- From Now On poster
- Directed by: Catarina Ruivo
- Written by: Catarina Ruivo Antonio Figueiredo
- Produced by: Paulo Branco
- Starring: Luís Miguel Cintra Adelaide de Sousa Edgar Morais Alexandre Pinto Rita Durão
- Music by: Vasco Pimentel
- Distributed by: Lusomundo
- Release dates: September 2007 (Festival of Rio); January 24, 2008 (Portugal);
- Running time: 102 minutes
- Country: Portugal
- Language: Portuguese

= From Now On (film) =

From Now On (Daqui P'ra Frente) is a 2007 Portuguese film directed by Catarina Ruivo, written by Ruivo and Antonio Figueiredo and produced by Paulo Branco.

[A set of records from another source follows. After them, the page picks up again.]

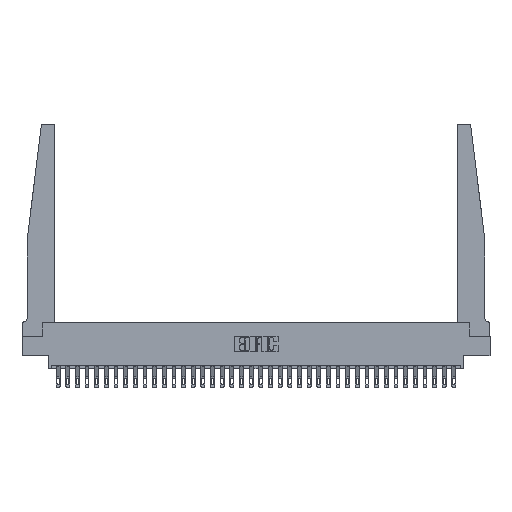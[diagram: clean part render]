
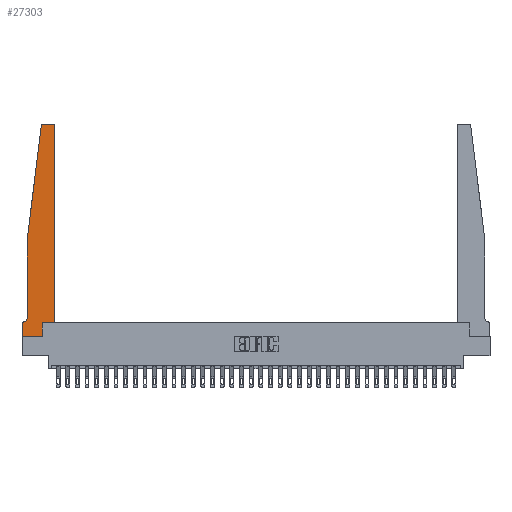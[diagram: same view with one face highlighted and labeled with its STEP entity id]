
A CAD part, top view. The second image highlights one B-rep face of the part: STEP entity #27303.
In plain terms, the highlighted planar face has unit normal (0, 0, 1).
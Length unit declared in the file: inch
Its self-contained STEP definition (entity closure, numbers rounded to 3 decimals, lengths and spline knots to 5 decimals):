
#251 = DIRECTION ( 'NONE',  ( -1., 0., 0. ) ) ;
#443 = ORIENTED_EDGE ( 'NONE', *, *, #30483, .T. ) ;
#712 = VECTOR ( 'NONE', #25133, 39.37008 ) ;
#1292 = ORIENTED_EDGE ( 'NONE', *, *, #17902, .T. ) ;
#2018 = CARTESIAN_POINT ( 'NONE',  ( 0.27653, 2.72, 0.37 ) ) ;
#2339 = DIRECTION ( 'NONE',  ( 0., 0., 1. ) ) ;
#2345 = LINE ( 'NONE', #12556, #712 ) ;
#2623 = LINE ( 'NONE', #23044, #21802 ) ;
#2804 = CARTESIAN_POINT ( 'NONE',  ( 0.27653, 2.75, 0.37 ) ) ;
#2879 = EDGE_CURVE ( 'NONE', #19835, #14535, #21771, .T. ) ;
#3100 = EDGE_CURVE ( 'NONE', #9063, #32251, #10012, .T. ) ;
#3103 = VECTOR ( 'NONE', #7460, 39.37008 ) ;
#3118 = CARTESIAN_POINT ( 'NONE',  ( 0.425, 0.18, 0.37 ) ) ;
#3523 = VERTEX_POINT ( 'NONE', #20181 ) ;
#3571 = FACE_OUTER_BOUND ( 'NONE', #21471, .T. ) ;
#3615 = LINE ( 'NONE', #13838, #16624 ) ;
#3735 = VECTOR ( 'NONE', #15206, 39.37008 ) ;
#4100 = DIRECTION ( 'NONE',  ( 1., 0., 0. ) ) ;
#4195 = ORIENTED_EDGE ( 'NONE', *, *, #2879, .T. ) ;
#4734 = EDGE_CURVE ( 'NONE', #32251, #16975, #20348, .T. ) ;
#4829 = EDGE_CURVE ( 'NONE', #31759, #8636, #2623, .T. ) ;
#5048 = CARTESIAN_POINT ( 'NONE',  ( 0.24675, 2.72367, 0.37 ) ) ;
#5418 = ORIENTED_EDGE ( 'NONE', *, *, #32273, .T. ) ;
#5441 = ORIENTED_EDGE ( 'NONE', *, *, #25520, .T. ) ;
#6023 = CARTESIAN_POINT ( 'NONE',  ( 0.2605, 0., 0.37 ) ) ;
#6103 = CARTESIAN_POINT ( 'NONE',  ( 0., 0., 0.37 ) ) ;
#6247 = DIRECTION ( 'NONE',  ( 1., 0., 0. ) ) ;
#6386 = CIRCLE ( 'NONE', #14946, 0.05 ) ;
#7021 = ORIENTED_EDGE ( 'NONE', *, *, #22419, .T. ) ;
#7460 = DIRECTION ( 'NONE',  ( 0., -1., 0. ) ) ;
#8636 = VERTEX_POINT ( 'NONE', #30446 ) ;
#8639 = DIRECTION ( 'NONE',  ( 0., 1., 0. ) ) ;
#8649 = CIRCLE ( 'NONE', #16198, 0.03 ) ;
#8762 = CARTESIAN_POINT ( 'NONE',  ( 0., 0.1875, 0.37 ) ) ;
#9031 = VECTOR ( 'NONE', #4100, 39.37008 ) ;
#9063 = VERTEX_POINT ( 'NONE', #5048 ) ;
#9319 = DIRECTION ( 'NONE',  ( -1., 0., 0. ) ) ;
#9564 = EDGE_CURVE ( 'NONE', #14535, #9063, #8649, .T. ) ;
#10012 = LINE ( 'NONE', #30470, #3735 ) ;
#10128 = DIRECTION ( 'NONE',  ( 0., 0., -1. ) ) ;
#10721 = VERTEX_POINT ( 'NONE', #28038 ) ;
#10940 = CARTESIAN_POINT ( 'NONE',  ( 0.395, 2.72, 0.37 ) ) ;
#12046 = CARTESIAN_POINT ( 'NONE',  ( 0.25, 2.75, 0.37 ) ) ;
#12157 = CARTESIAN_POINT ( 'NONE',  ( 0.065, 0.1875, 0.37 ) ) ;
#12234 = DIRECTION ( 'NONE',  ( 1., 0., 0. ) ) ;
#12323 = CARTESIAN_POINT ( 'NONE',  ( 0., 0., 0.37 ) ) ;
#12491 = CARTESIAN_POINT ( 'NONE',  ( 0.015, 0.2375, 0.37 ) ) ;
#12556 = CARTESIAN_POINT ( 'NONE',  ( 0.425, 0.18, 0.37 ) ) ;
#12563 = CARTESIAN_POINT ( 'NONE',  ( 0.395, 2.75, 0.37 ) ) ;
#13838 = CARTESIAN_POINT ( 'NONE',  ( 0., 0., 0.37 ) ) ;
#13849 = ORIENTED_EDGE ( 'NONE', *, *, #4829, .T. ) ;
#14535 = VERTEX_POINT ( 'NONE', #2804 ) ;
#14572 = DIRECTION ( 'NONE',  ( -1., 0., 0. ) ) ;
#14625 = ORIENTED_EDGE ( 'NONE', *, *, #17538, .T. ) ;
#14946 = AXIS2_PLACEMENT_3D ( 'NONE', #12491, #10128, #251 ) ;
#15206 = DIRECTION ( 'NONE',  ( -0.122, -0.992, 0. ) ) ;
#15298 = DIRECTION ( 'NONE',  ( 0., 0., 1. ) ) ;
#15834 = LINE ( 'NONE', #3118, #21204 ) ;
#16198 = AXIS2_PLACEMENT_3D ( 'NONE', #2018, #2339, #12234 ) ;
#16624 = VECTOR ( 'NONE', #19010, 39.37008 ) ;
#16975 = VERTEX_POINT ( 'NONE', #20726 ) ;
#17502 = CIRCLE ( 'NONE', #26073, 0.03 ) ;
#17538 = EDGE_CURVE ( 'NONE', #28084, #3523, #15834, .T. ) ;
#17902 = EDGE_CURVE ( 'NONE', #3523, #19835, #17502, .T. ) ;
#18138 = DIRECTION ( 'NONE',  ( 1., 0., 0. ) ) ;
#18936 = VERTEX_POINT ( 'NONE', #12323 ) ;
#19010 = DIRECTION ( 'NONE',  ( 0., -1., 0. ) ) ;
#19142 = PLANE ( 'NONE',  #25193 ) ;
#19619 = VECTOR ( 'NONE', #14572, 39.37008 ) ;
#19635 = CARTESIAN_POINT ( 'NONE',  ( 0.015, 0.1875, 0.37 ) ) ;
#19835 = VERTEX_POINT ( 'NONE', #12563 ) ;
#20181 = CARTESIAN_POINT ( 'NONE',  ( 0.425, 2.72, 0.37 ) ) ;
#20348 = LINE ( 'NONE', #20517, #3103 ) ;
#20517 = CARTESIAN_POINT ( 'NONE',  ( 0.065, 1.25, 0.37 ) ) ;
#20726 = CARTESIAN_POINT ( 'NONE',  ( 0.065, 0.2375, 0.37 ) ) ;
#20914 = LINE ( 'NONE', #6103, #9031 ) ;
#21204 = VECTOR ( 'NONE', #23559, 39.37008 ) ;
#21471 = EDGE_LOOP ( 'NONE', ( #4195, #22852, #27718, #32979, #5441, #5418, #24728, #7021, #13849, #443, #14625, #1292 ) ) ;
#21771 = LINE ( 'NONE', #12046, #19619 ) ;
#21802 = VECTOR ( 'NONE', #8639, 39.37008 ) ;
#22419 = EDGE_CURVE ( 'NONE', #18936, #31759, #20914, .T. ) ;
#22852 = ORIENTED_EDGE ( 'NONE', *, *, #9564, .T. ) ;
#23044 = CARTESIAN_POINT ( 'NONE',  ( 0.2605, 0.18, 0.37 ) ) ;
#23559 = DIRECTION ( 'NONE',  ( 0., 1., 0. ) ) ;
#24728 = ORIENTED_EDGE ( 'NONE', *, *, #26796, .T. ) ;
#25060 = CARTESIAN_POINT ( 'NONE',  ( 0.065, 1.25, 0.37 ) ) ;
#25133 = DIRECTION ( 'NONE',  ( 1., 0., 0. ) ) ;
#25193 = AXIS2_PLACEMENT_3D ( 'NONE', #8762, #29209, #6247 ) ;
#25520 = EDGE_CURVE ( 'NONE', #16975, #28592, #6386, .T. ) ;
#26073 = AXIS2_PLACEMENT_3D ( 'NONE', #10940, #15298, #18138 ) ;
#26616 = CARTESIAN_POINT ( 'NONE',  ( 0.425, 0.18, 0.37 ) ) ;
#26796 = EDGE_CURVE ( 'NONE', #10721, #18936, #3615, .T. ) ;
#27303 = ADVANCED_FACE ( 'NONE', ( #3571 ), #19142, .T. ) ;
#27718 = ORIENTED_EDGE ( 'NONE', *, *, #3100, .T. ) ;
#28038 = CARTESIAN_POINT ( 'NONE',  ( 0., 0.1875, 0.37 ) ) ;
#28084 = VERTEX_POINT ( 'NONE', #26616 ) ;
#28592 = VERTEX_POINT ( 'NONE', #19635 ) ;
#29209 = DIRECTION ( 'NONE',  ( 0., 0., 1. ) ) ;
#29952 = LINE ( 'NONE', #12157, #32807 ) ;
#30446 = CARTESIAN_POINT ( 'NONE',  ( 0.2605, 0.18, 0.37 ) ) ;
#30470 = CARTESIAN_POINT ( 'NONE',  ( 0.065, 1.25, 0.37 ) ) ;
#30483 = EDGE_CURVE ( 'NONE', #8636, #28084, #2345, .T. ) ;
#31759 = VERTEX_POINT ( 'NONE', #6023 ) ;
#32251 = VERTEX_POINT ( 'NONE', #25060 ) ;
#32273 = EDGE_CURVE ( 'NONE', #28592, #10721, #29952, .T. ) ;
#32807 = VECTOR ( 'NONE', #9319, 39.37008 ) ;
#32979 = ORIENTED_EDGE ( 'NONE', *, *, #4734, .T. ) ;

The film stars Luís Miguel Cintra, Adelaide de Sousa, Antonio Figueiredo, Edgar Morais and Alexandre Pinto.

==Plot==
Dora (Adelaide de Sousa) divides her time between her work as a beautician, her life with her police officer husband António (Luís Miguel Cintra), and her involvement in left-wing politics.

==Cast==
- Luís Miguel Cintra as Antonio
- Adelaide de Sousa as Dora
- Edgar Morais as Nelson
- Alexandre Pinto as Jorge
- Antonio Figueiredo as Policeman

==Release==
From Now On screened for the first time in 2007 at the Rio Film Festival, (Rio de Janeiro, Brazil) and was widely released in Portugal, France and Germany on September 18, 2007. The official premiere took place in Lisbon, Portugal on January 24, 2008.